This tutorial was held on April 12, 2021 as part of the 2021 ECP Annual Meeting.
At LLNL, we have developed a workflow enabling users to automate application performance analysis and pinpoint bottlenecks in their codes. Our workflow leverages three open-source tools – Caliper, SPOT, and Hatchet – to provide a wholistic suite for integrated performance data.
In this tutorial, the presenters provided an overview of each of the tools, and demonstrated how to profile your applications with Caliper, how to visualize your performance data in SPOT, and how to programmatically analyze your data with Hatchet. Caliper is a performance analysis toolbox in a library. It provides performance profiling capabilities for HPC applications, making them available at runtime for any application run. This approach greatly simplifies performance profiling tasks for application end users, who can enable performance measurements for regular program runs without the complex setup steps often required by specialized performance debugging tools.
SPOT is a web-based tool for visualizing application performance data collected with Caliper. SPOT visualizes an application’s performance data across many runs. Users can track performance changes over time, compare the performance achieved by different users, or run scaling studies across MPI ranks. With a high-level overview of an application’s performance, users are also quickly able to identify data that they might be interested in analyzing in finer-grained detail. Hatchet is a Python-based tool for analyzing and visualizing performance data generated by popular profiling tools, such as Caliper, HPCToolkit, and gprof.

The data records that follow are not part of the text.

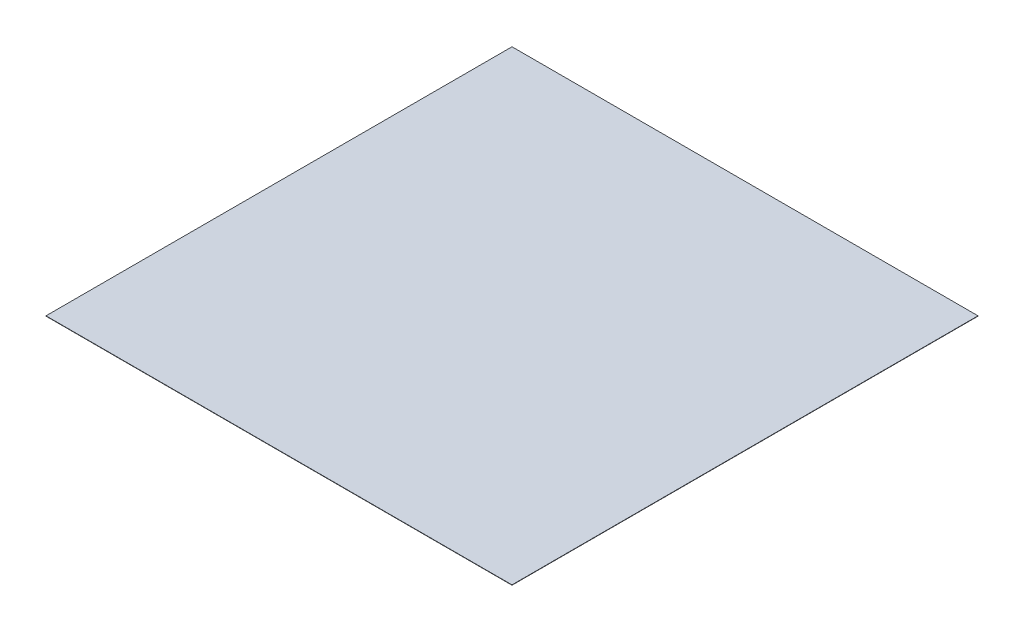
SolidWorks part; units mm, degrees
ref_plane "Front Plane" through (0, 0, 0) normal (0, 0, 1) x (1, 0, 0)
ref_plane "Top Plane" through (0, 0, 0) normal (0, 1, 0) x (1, 0, 0)
ref_plane "Right Plane" through (0, 0, 0) normal (1, 0, 0) x (0, 0, -1)
sketch "Sketch1" plane through (0, 0, 0) normal (0, 1, 0) x (1, 0, 0)
  line L1 (0, 0) -> (14000, 0)
  line L2 (0, 0) -> (0, 14000)
  line L3 (0, 14000) -> (14000, 14000)
  line L4 (14000, 0) -> (14000, 14000)
  dimension "D1" = 14000
  dimension "D2" = 14000
extrude "Boss-Extrude1" add sketch "Sketch1" along normal blind 10

With Hatchet, users can write small code snippets to answer questions such as: What speedup am I getting from using the GPUs? Which portions of my code are scaling poorly? What differences exist in using one MPI implementation over another?
To answer these questions, Hatchet provides operations (e.g., sub-selection, aggregation, arithmetic) to analyze and visualize calling context trees and call graphs from one or multiple executions.